Does larger (not too large) learning rates always converge faster?

Hello everyone!
I was playing around with optional lab : Feature scaling and learning rate, and I found something interesting.
There were two learning rates in the lab that worked for the given examples and they were able to converge. But the interesting part was that the cost function for the smaller learning rate actually decreased faster with a small number of iterations. So I increased the iterations by 100 times and then the cost function of the larger learning rate became smaller than the one of smaller learning rate.
So I was wondering, is there an example that if we have two learning rates that both converge, can smaller one converge faster?

Hello @Nima1313!

Welcome to our community!! It seems you were having fun, and from your description, you had actually discovered one such example, hadn’t you? It is completely possible that given the same number of iterations, a smaller learning rate can perform better than a larger learning rate even through they both converge.
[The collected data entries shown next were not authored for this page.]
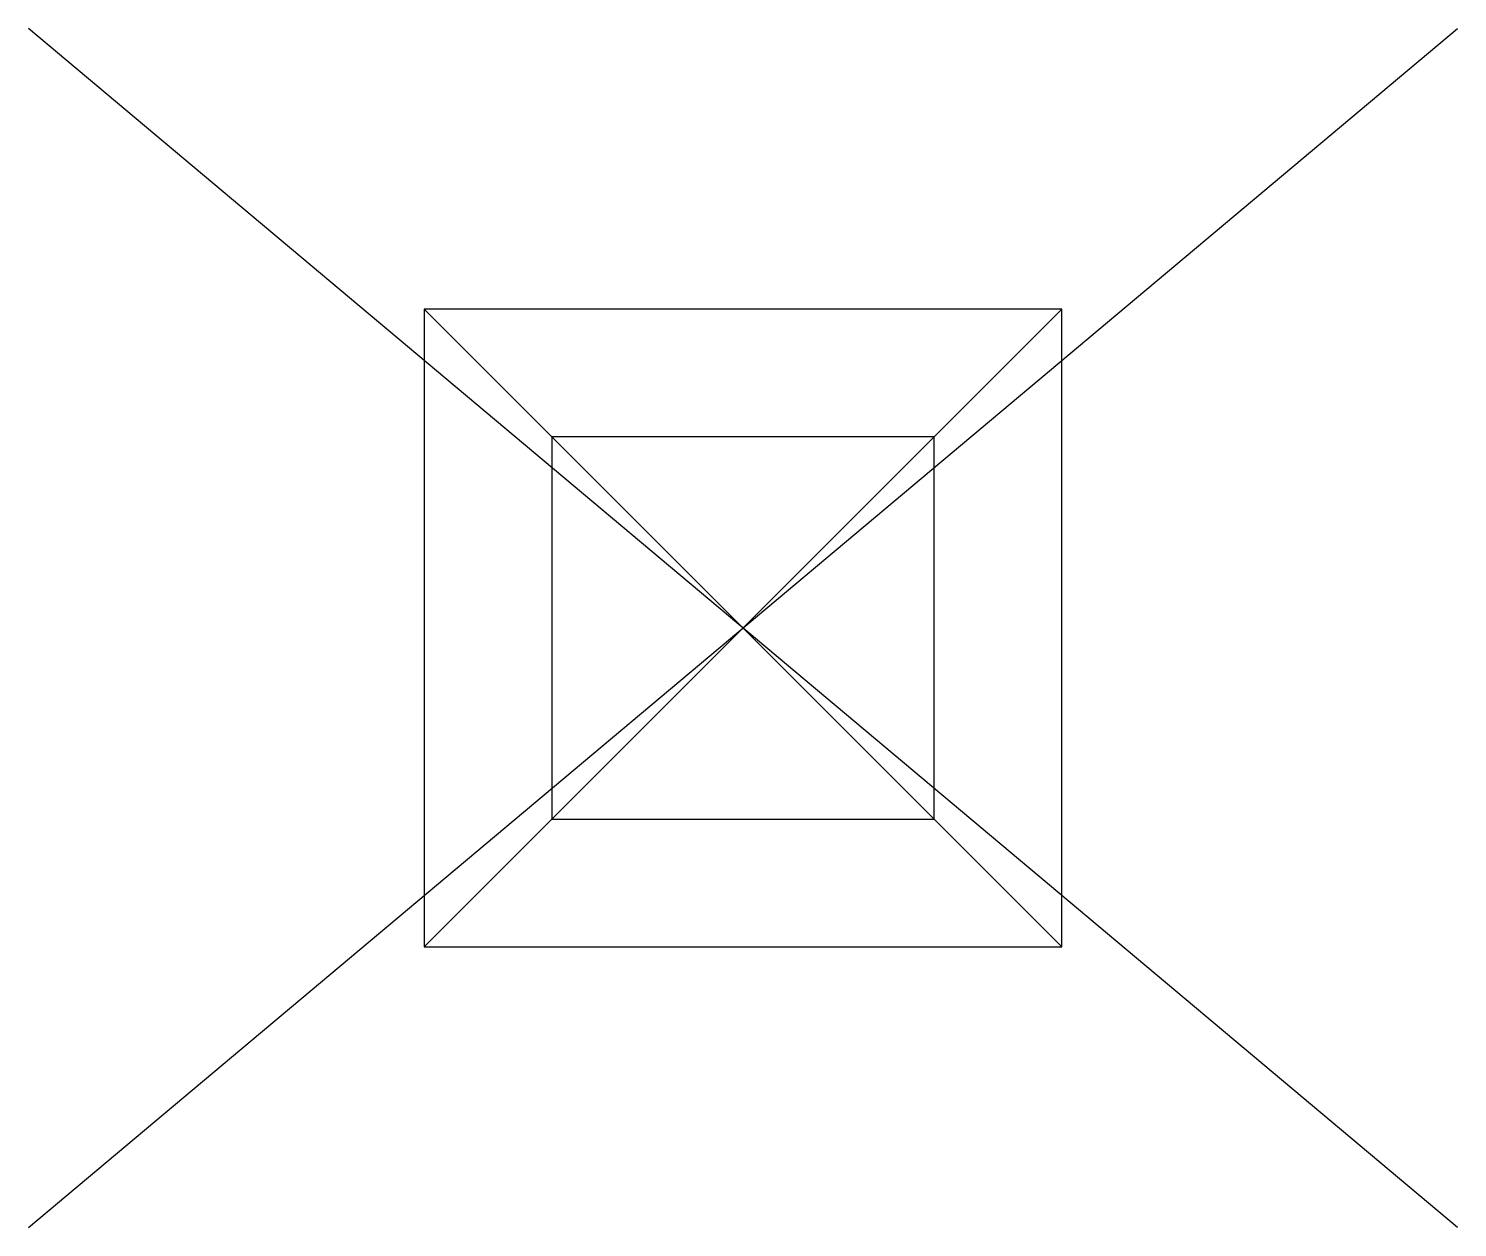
# Model space of a CAD drawing. Extents: x -3.5 to 3.5, y -2.94 to 2.94.
import ezdxf

# ---------------------------------------------------------------- set-up
doc = ezdxf.new("R2010")
doc.units = 0

msp = doc.modelspace()

# ---------------------------------------------------------------- linework, layer by layer
for p, q in [((-3.5016, -2.9382), (3.5016, 2.9382)), ((3.5016, -2.9382), (-3.5016, 2.9382)), ((1.5625, 1.5625), (-1.5625, -1.5625)), ((-1.5625, 1.5625), (1.5625, -1.5625))]:
    msp.add_line(p, q)
at = {"flags": 128}
for points in [[(-1.5625, -1.5625), (1.5625, -1.5625), (1.5625, 1.5625), (-1.5625, 1.5625)], [(-0.9375, 0.9375), (-0.9375, -0.9375), (0.9375, -0.9375), (0.9375, 0.9375)]]:
    msp.add_lwpolyline(points, close=True, dxfattribs=at)

doc.saveas('drawing.dxf')

You have cleverly excluded the “too large” case, but if we do a thought experiment by considering a “pretty large” case that it is marginally converging (meaning that if it is a little bit larger, then it diverges), then it will still have a pretty hard time converging to an optimum because it is still pretty large. Well, I am too lazy to actually carry out the real experiment, but again, from your description, you have found that.

Keep trying, and cheers,
Raymond

1 Like

Hello @Nima1313

Since you are on an adventure, there is 1 more thing you could look at.

As per your experiment the smaller learning rate case has converged faster than the larger learning rate case - I assume this is what you saw.

If so, you should check out if the case with higher learning rate is bouncing around - This can be verified by checking if the derivative is changing sign for each update/iteration.